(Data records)
=====

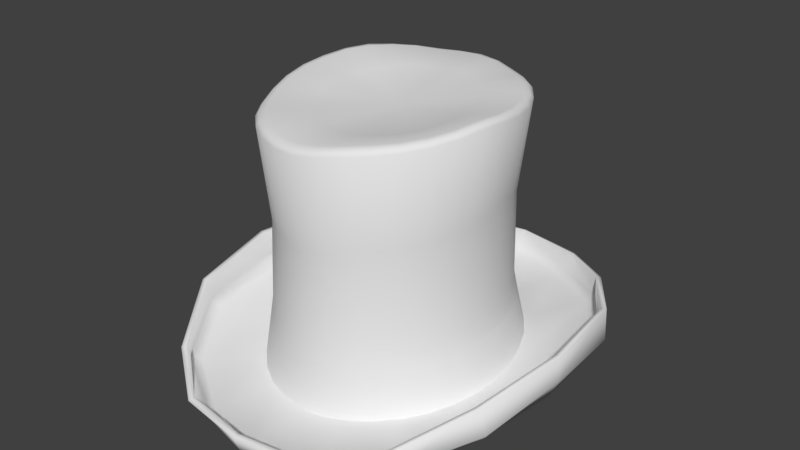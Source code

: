 # Source: Top_Hat.blend  (saved by Blender 2.79.0; exported with 4.5.12 LTS)
import bpy
from mathutils import Matrix  # noqa: F401  (used for matrix-valued properties, if any)

bpy.ops.wm.read_factory_settings(use_empty=True)
scene = bpy.context.scene
scene.name = 'Scene'

# ---- collections
col_collection_1 = bpy.data.collections.new('Collection 1'); scene.collection.children.link(col_collection_1)

# ---- world
world_world = bpy.data.worlds.new('World'); scene.world = world_world
world_world.color = (0.05088, 0.05088, 0.05088)
world_world.use_sun_shadow = False
world_world.sun_shadow_jitter_overblur = 0.0
world_world.cycles.sampling_method = 'MANUAL'

# ---- meshes
me_ribbon = bpy.data.meshes.new('Ribbon')
me_ribbon.from_pydata([(-0.0001778, 1.116, -0.1962), (0.1832, 1.097, -0.1828), (0.3608, 1.037, -0.1704), (0.5261, 0.9373, -0.1485), (0.6702, 0.7982, -0.1326), (0.7858, 0.6258, -0.1408), (0.8707, 0.4305, -0.1531), (0.9224, 0.2202, -0.1663), (0.9392, 0.002357, -0.1864), (0.9218, -0.2153, -0.207), (0.8704, -0.4256, -0.221), (0.7844, -0.6198, -0.2293), (0.6662, -0.7885, -0.2413), (0.5227, -0.9265, -0.2562), (0.3601, -1.03, -0.2655), (0.1834, -1.093, -0.28), (-0.0001782, -1.114, -0.2837), (-0.1836, -1.092, -0.2898), (-0.3605, -1.03, -0.2704), (-0.523, -0.9264, -0.2579), (-0.6649, -0.7866, -0.2424), (-0.7812, -0.617, -0.232), (-0.8687, -0.4246, -0.214), (-0.9217, -0.2152, -0.2043), (-0.9401, 0.002362, -0.1866), (-0.9229, 0.2202, -0.1754), (-0.8717, 0.4308, -0.1477), (-0.7847, 0.6246, -0.1403), (-0.6688, 0.796, -0.1301), (-0.5265, 0.9374, -0.1325), (-0.3617, 1.038, -0.1602), (-0.1836, 1.097, -0.1894), (0.1669, 1.042, 0.2341), (0.3279, 0.9825, 0.2268), (0.4766, 0.8851, 0.2215), (0.6068, 0.7526, 0.2223), (0.7129, 0.5904, 0.2235), (0.7916, 0.4056, 0.2233), (0.8399, 0.2054, 0.2211), (0.856, -0.002885, 0.214), (0.8397, -0.2111, 0.2002), (0.7915, -0.4116, 0.1836), (0.7126, -0.5966, 0.1738), (0.6058, -0.7585, 0.1709), (0.4758, -0.8911, 0.1672), (0.3277, -0.9898, 0.162), (0.1669, -1.051, 0.1571), (-0.0001781, -1.071, 0.1555), (-0.1673, -1.05, 0.1555), (-0.328, -0.9897, 0.1596), (-0.4761, -0.8911, 0.1668), (-0.6057, -0.7582, 0.1783), (-0.7121, -0.5962, 0.1873), (-0.7914, -0.4116, 0.194), (-0.84, -0.2111, 0.2028), (-0.8565, -0.002848, 0.212), (-0.8403, 0.2055, 0.2169), (-0.7921, 0.4057, 0.2232), (-0.7129, 0.59, 0.229), (-0.6067, 0.7519, 0.2304), (-0.4769, 0.8851, 0.2273), (-0.3283, 0.9829, 0.2269), (-0.1673, 1.042, 0.2313), (-0.0001778, 1.062, 0.2356)], [], [(0, 63, 32, 1), (1, 32, 33, 2), (2, 33, 34, 3), (3, 34, 35, 4), (4, 35, 36, 5), (5, 36, 37, 6), (6, 37, 38, 7), (7, 38, 39, 8), (8, 39, 40, 9), (9, 40, 41, 10), (10, 41, 42, 11), (11, 42, 43, 12), (12, 43, 44, 13), (13, 44, 45, 14), (14, 45, 46, 15), (15, 46, 47, 16), (16, 47, 48, 17), (17, 48, 49, 18), (18, 49, 50, 19), (19, 50, 51, 20), (20, 51, 52, 21), (21, 52, 53, 22), (22, 53, 54, 23), (23, 54, 55, 24), (24, 55, 56, 25), (25, 56, 57, 26), (26, 57, 58, 27), (27, 58, 59, 28), (28, 59, 60, 29), (29, 60, 61, 30), (30, 61, 62, 31), (31, 62, 63, 0)])
me_ribbon.polygons.foreach_set('use_smooth', [True] * 32)
me_ribbon.use_remesh_preserve_volume = False
me_ribbon.use_remesh_preserve_attributes = False
me_ribbon.use_mirror_vertex_groups = False
me_ribbon.update()
me_hat = bpy.data.meshes.new('Hat')
me_hat.from_pydata([(7.858e-10, 1.05, 2.137), (0.1732, 1.03, 2.128), (0.3398, 0.9702, 2.109), (0.4934, 0.873, 2.115), (0.6279, 0.7422, 2.127), (0.7384, 0.5828, 2.123), (0.8204, 0.4009, 2.125), (0.8709, 0.2036, 2.141), (0.888, -0.001615, 2.163), (0.8709, -0.2068, 2.169), (0.8204, -0.4041, 2.147), (0.7384, -0.586, 2.125), (0.6279, -0.7454, 2.108), (0.4934, -0.8762, 2.093), (0.3398, -0.9734, 2.075), (0.1732, -1.033, 2.044), (-2.886e-07, -1.053, 2.017), (-0.1732, -1.033, 2.01), (-0.3398, -0.9734, 2.019), (-0.4934, -0.8762, 2.027), (-0.6279, -0.7454, 2.029), (-0.7384, -0.586, 2.032), (-0.8204, -0.4041, 2.056), (-0.8709, -0.2068, 2.094), (-0.888, -0.001611, 2.126), (-0.8709, 0.2036, 2.149), (-0.8204, 0.401, 2.17), (-0.7384, 0.5828, 2.178), (-0.6279, 0.7422, 2.164), (-0.4934, 0.873, 2.148), (-0.3398, 0.9702, 2.13), (-0.1732, 1.03, 2.131), (8.738e-09, 1.043, 0.615), (6.839e-09, 0.9871, 1.327), (0.1633, 0.9687, 1.305), (0.1618, 1.023, 0.6054), (0.3199, 0.9111, 1.3), (0.3174, 0.9631, 0.5752), (0.4639, 0.8187, 1.307), (0.4608, 0.8663, 0.5527), (0.5903, 0.6956, 1.317), (0.5865, 0.736, 0.5598), (0.6937, 0.545, 1.353), (0.6897, 0.5771, 0.5798), (0.7704, 0.3735, 1.404), (0.7663, 0.3957, 0.5975), (0.8178, 0.1878, 1.429), (0.8135, 0.1988, 0.608), (0.8339, -0.005272, 1.412), (0.8294, -0.006571, 0.6018), (0.8179, -0.1983, 1.382), (0.8135, -0.2121, 0.5683), (0.7704, -0.3841, 1.36), (0.7663, -0.4097, 0.5204), (0.6933, -0.5553, 1.335), (0.6897, -0.592, 0.497), (0.5896, -0.7054, 1.325), (0.5865, -0.7517, 0.5013), (0.4633, -0.8287, 1.317), (0.4608, -0.8827, 0.5016), (0.3192, -0.9204, 1.286), (0.3174, -0.9799, 0.491), (0.1629, -0.9777, 1.242), (0.1618, -1.04, 0.4809), (-2.653e-07, -0.9976, 1.219), (-2.615e-07, -1.06, 0.4771), (-0.163, -0.9786, 1.216), (-0.1618, -1.04, 0.4778), (-0.3198, -0.9223, 1.217), (-0.3174, -0.9799, 0.4829), (-0.4648, -0.8313, 1.224), (-0.4608, -0.8827, 0.5008), (-0.5918, -0.7079, 1.239), (-0.5865, -0.7517, 0.5322), (-0.6959, -0.5574, 1.255), (-0.6897, -0.592, 0.5531), (-0.7729, -0.3853, 1.269), (-0.7663, -0.4097, 0.5604), (-0.8199, -0.1988, 1.301), (-0.8135, -0.2121, 0.5781), (-0.8347, -0.005269, 1.35), (-0.8294, -0.00657, 0.5938), (-0.818, 0.1879, 1.386), (-0.8135, 0.1988, 0.5942), (-0.7704, 0.3735, 1.409), (-0.7663, 0.3957, 0.5951), (-0.6933, 0.5447, 1.425), (-0.6897, 0.5771, 0.6023), (-0.5896, 0.6948, 1.435), (-0.5865, 0.736, 0.5923), (-0.4633, 0.8176, 1.44), (-0.4608, 0.8663, 0.5706), (-0.3191, 0.9088, 1.415), (-0.3174, 0.9631, 0.5721), (-0.1628, 0.9655, 1.374), (-0.1618, 1.023, 0.5964), (4.099e-08, 0.6697, 2.119), (0.1102, 0.6569, 2.122), (0.2162, 0.619, 2.122), (0.3139, 0.5573, 2.117), (0.3995, 0.4743, 2.112), (0.4698, 0.373, 2.105), (0.522, 0.2574, 2.097), (0.5542, 0.1319, 2.089), (0.565, 0.001308, 2.084), (0.5542, -0.1291, 2.077), (0.522, -0.2544, 2.068), (0.4698, -0.3698, 2.057), (0.3995, -0.471, 2.049), (0.3139, -0.5541, 2.043), (0.2162, -0.6158, 2.038), (0.1102, -0.6538, 2.033), (-1.431e-07, -0.6665, 2.031), (-0.1102, -0.6537, 2.031), (-0.2162, -0.6157, 2.034), (-0.3139, -0.5539, 2.039), (-0.3995, -0.4708, 2.043), (-0.4698, -0.3695, 2.05), (-0.522, -0.254, 2.059), (-0.5542, -0.1288, 2.07), (-0.565, 0.001496, 2.079), (-0.5542, 0.1318, 2.079), (-0.522, 0.257, 2.084), (-0.4698, 0.3726, 2.094), (-0.3995, 0.4739, 2.11), (-0.3139, 0.557, 2.109), (-0.2162, 0.6188, 2.106), (-0.1102, 0.6568, 2.108), (1.306e-07, 0.004658, 2.02), (-1.462e-09, 1.079, 2.11), (0.178, 1.058, 2.102), (0.3491, 0.9969, 2.081), (0.5068, 0.8971, 2.086), (0.645, 0.7627, 2.099), (0.7584, 0.599, 2.093), (0.8427, 0.4122, 2.094), (0.8947, 0.2095, 2.11), (0.9122, -0.001276, 2.133), (0.8947, -0.2121, 2.139), (0.8427, -0.4147, 2.114), (0.7584, -0.6015, 2.091), (0.645, -0.7653, 2.074), (0.5068, -0.8996, 2.059), (0.3491, -0.9995, 2.041), (0.178, -1.061, 2.009), (-2.987e-07, -1.082, 1.982), (-0.178, -1.061, 1.975), (-0.3491, -0.9995, 1.985), (-0.5068, -0.8996, 1.993), (-0.645, -0.7653, 1.995), (-0.7584, -0.6015, 1.998), (-0.8427, -0.4147, 2.023), (-0.8947, -0.2121, 2.062), (-0.9122, -0.001275, 2.095), (-0.8947, 0.2095, 2.12), (-0.8427, 0.4122, 2.141), (-0.7584, 0.599, 2.149), (-0.645, 0.7627, 2.136), (-0.5068, 0.8971, 2.119), (-0.3491, 0.9969, 2.102), (-0.178, 1.058, 2.103), (0.8269, -0.1963, 2.176), (0.7789, -0.3836, 2.154), (-0.3226, -0.9238, 2.039), (-0.4684, -0.8315, 2.044), (-0.701, 0.5534, 2.179), (-0.5961, 0.7048, 2.173), (0.701, 0.5535, 2.137), (0.7789, 0.3808, 2.14), (0.3226, -0.9239, 2.089), (0.1645, -0.9807, 2.062), (-0.8269, -0.1962, 2.107), (-0.8431, -0.001473, 2.134), (0.1645, 0.9782, 2.145), (0.3226, 0.9214, 2.124), (0.701, -0.5562, 2.136), (-0.5961, -0.7073, 2.048), (-0.4684, 0.829, 2.161), (0.8269, 0.1934, 2.151), (-2.677e-07, -0.9998, 2.038), (-0.8269, 0.1933, 2.152), (0.4684, 0.8291, 2.133), (0.5961, -0.7075, 2.12), (-0.701, -0.5559, 2.05), (-0.3226, 0.9213, 2.142), (0.8431, -0.001527, 2.167), (-0.1645, -0.9806, 2.03), (-0.7789, 0.3807, 2.174), (0.5961, 0.7048, 2.143), (0.4684, -0.8316, 2.108), (-0.7789, -0.3834, 2.074), (-0.1645, 0.9782, 2.146), (6.999e-09, 0.9974, 2.148), (0.1671, 1.04, 0.4384), (0.328, 0.9802, 0.4311), (0.4768, 0.8828, 0.4258), (0.6069, 0.7503, 0.4266), (0.7131, 0.588, 0.4278), (0.7918, 0.4033, 0.4276), (0.8401, 0.2031, 0.4254), (0.8562, -0.005193, 0.4183), (0.8399, -0.2134, 0.4045), (0.7917, -0.4139, 0.3879), (0.7128, -0.5989, 0.3781), (0.6059, -0.7608, 0.3752), (0.4759, -0.8934, 0.3715), (0.3278, -0.9921, 0.3663), (0.1671, -1.053, 0.3614), (-2.735e-07, -1.073, 0.3598), (-0.1671, -1.053, 0.3598), (-0.3279, -0.9921, 0.3639), (-0.4759, -0.8934, 0.3711), (-0.6055, -0.7605, 0.3826), (-0.7119, -0.5985, 0.3916), (-0.7912, -0.4139, 0.3983), (-0.8398, -0.2134, 0.4071), (-0.8563, -0.005156, 0.4163), (-0.8401, 0.2032, 0.4212), (-0.7919, 0.4034, 0.4275), (-0.7128, 0.5877, 0.4333), (-0.6065, 0.7496, 0.4347), (-0.4768, 0.8827, 0.4316), (-0.3281, 0.9805, 0.4312), (-0.1671, 1.04, 0.4356), (5.646e-09, 1.06, 0.4399), (-2.139e-08, 1.816, 0.2705), (-0.5432, 1.713, 0.2694), (-0.968, 1.363, 0.3435), (-1.329, 0.7856, 0.4607), (-1.415, -0.005523, 0.4775), (-1.288, -0.7798, 0.397), (-0.9594, -1.318, 0.1745), (-0.5432, -1.641, 0.06818), (-2.313e-07, -1.726, 0.06593), (0.5432, -1.641, 0.06818), (0.9594, -1.318, 0.1745), (1.288, -0.7798, 0.397), (1.415, -0.005523, 0.4775), (1.329, 0.7856, 0.4607), (0.968, 1.363, 0.3435), (0.5432, 1.713, 0.2694), (-2.333e-08, 1.774, 0.1389), (-0.5086, 1.639, 0.1406), (-1.004, 1.312, 0.2076), (-1.366, 0.7392, 0.2353), (-1.412, -0.005325, 0.2603), (-1.327, -0.7356, 0.1826), (-0.9943, -1.27, 0.04831), (-0.5085, -1.565, -0.04217), (-2.235e-07, -1.684, -0.05112), (0.5085, -1.565, -0.04217), (0.9943, -1.27, 0.04831), (1.327, -0.7356, 0.1826), (1.412, -0.005325, 0.2603), (1.366, 0.7392, 0.2353), (1.004, 1.312, 0.2076), (0.5086, 1.639, 0.1406), (-2.937e-08, 1.73, 0.07218), (-0.4824, 1.578, 0.07978), (-0.9514, 1.243, 0.1442), (-1.295, 0.7007, 0.1584), (-1.362, -0.004667, 0.1392), (-1.261, -0.6968, 0.1027), (-0.9423, -1.201, -0.009321), (-0.482, -1.505, -0.08869), (-2.221e-07, -1.641, -0.1057), (0.482, -1.505, -0.08869), (0.9423, -1.201, -0.009321), (1.261, -0.6968, 0.1027), (1.362, -0.004667, 0.1392), (1.295, 0.7007, 0.1584), (0.9514, 1.243, 0.1442), (0.4824, 1.578, 0.07978), (-6.063e-08, 1.197, 0.009584), (-0.3522, 1.111, 0.04916), (-0.6778, 0.8856, 0.0942), (-0.9099, 0.4924, 0.07786), (-0.9751, -0.002103, 0.03278), (-0.8985, -0.4858, 0.003843), (-0.6727, -0.849, -0.02155), (-0.3516, -1.05, -0.04347), (-1.987e-07, -1.124, -0.06236), (0.3516, -1.05, -0.04347), (0.6727, -0.849, -0.02155), (0.8985, -0.4858, 0.003843), (0.9751, -0.002103, 0.03278), (0.9099, 0.4924, 0.07786), (0.6778, 0.8856, 0.0942), (0.3522, 1.111, 0.04916), (-1.033e-07, 0.7164, 0.07739), (-0.2105, 0.6638, 0.113), (-0.3944, 0.5153, 0.1269), (-0.5196, 0.2812, 0.1136), (-0.5628, 0.001098, 0.08771), (-0.5191, -0.2718, 0.05497), (-0.3941, -0.492, 0.03745), (-0.2103, -0.6284, 0.0281), (-1.86e-07, -0.676, 0.001768), (0.2103, -0.6284, 0.0281), (0.3941, -0.492, 0.03745), (0.5191, -0.2718, 0.05497), (0.5628, 0.001098, 0.08771), (0.5196, 0.2812, 0.1136), (0.3944, 0.5153, 0.1269), (0.2105, 0.6638, 0.113), (-1.398e-07, 0.3293, 0.1459), (-0.09654, 0.3045, 0.1593), (-0.1788, 0.2337, 0.1617), (-0.2343, 0.1272, 0.1551), (-0.2539, 0.00254, 0.1433), (-0.2343, -0.1203, 0.1262), (-0.1788, -0.2225, 0.1104), (-0.09653, -0.2896, 0.09573), (-1.778e-07, -0.3128, 0.07964), (0.09653, -0.2896, 0.09573), (0.1788, -0.2225, 0.1104), (0.2343, -0.1203, 0.1262), (0.2539, 0.00254, 0.1433), (0.2343, 0.1272, 0.1551), (0.1788, 0.2337, 0.1617), (0.09654, 0.3045, 0.1593), (-1.512e-07, 0.002995, 0.1452), (-2.139e-08, 1.865, 0.2553), (-0.5574, 1.759, 0.2554), (-0.9935, 1.403, 0.3364), (-1.366, 0.8071, 0.4626), (-1.455, -0.007266, 0.4804), (-1.324, -0.802, 0.3993), (-0.9852, -1.358, 0.1675), (-0.557, -1.686, 0.05255), (-2.313e-07, -1.774, 0.04896), (0.557, -1.686, 0.05255), (0.9852, -1.358, 0.1675), (1.324, -0.802, 0.3993), (1.455, -0.007266, 0.4804), (1.366, 0.8071, 0.4626), (0.9935, 1.403, 0.3364), (0.5574, 1.759, 0.2554), (-2.333e-08, 1.821, 0.1192), (-0.5214, 1.681, 0.1191), (-1.029, 1.346, 0.1892), (-1.402, 0.7567, 0.2223), (-1.451, -0.006608, 0.2507), (-1.364, -0.7532, 0.1707), (-1.02, -1.302, 0.02841), (-0.5205, -1.605, -0.06627), (-2.235e-07, -1.729, -0.07365), (0.5205, -1.605, -0.06627), (1.02, -1.302, 0.02841), (1.364, -0.7532, 0.1707), (1.451, -0.006608, 0.2507), (1.402, 0.7567, 0.2223), (1.029, 1.346, 0.1892), (0.5214, 1.681, 0.1191), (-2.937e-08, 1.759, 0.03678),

=====

-- PROBLEM DESCRIPTION --
There is a line with "# ---- world" and a line with "me_ribbon = bpy.data.meshes.new('Ribbon')" above. Copy exactly those two lines and all lines between them, with nothing else.

-- WRITTEN SOLUTION --
# ---- world
world_world = bpy.data.worlds.new('World'); scene.world = world_world
world_world.color = (0.05088, 0.05088, 0.05088)
world_world.use_sun_shadow = False
world_world.sun_shadow_jitter_overblur = 0.0
world_world.cycles.sampling_method = 'MANUAL'

# ---- meshes
me_ribbon = bpy.data.meshes.new('Ribbon')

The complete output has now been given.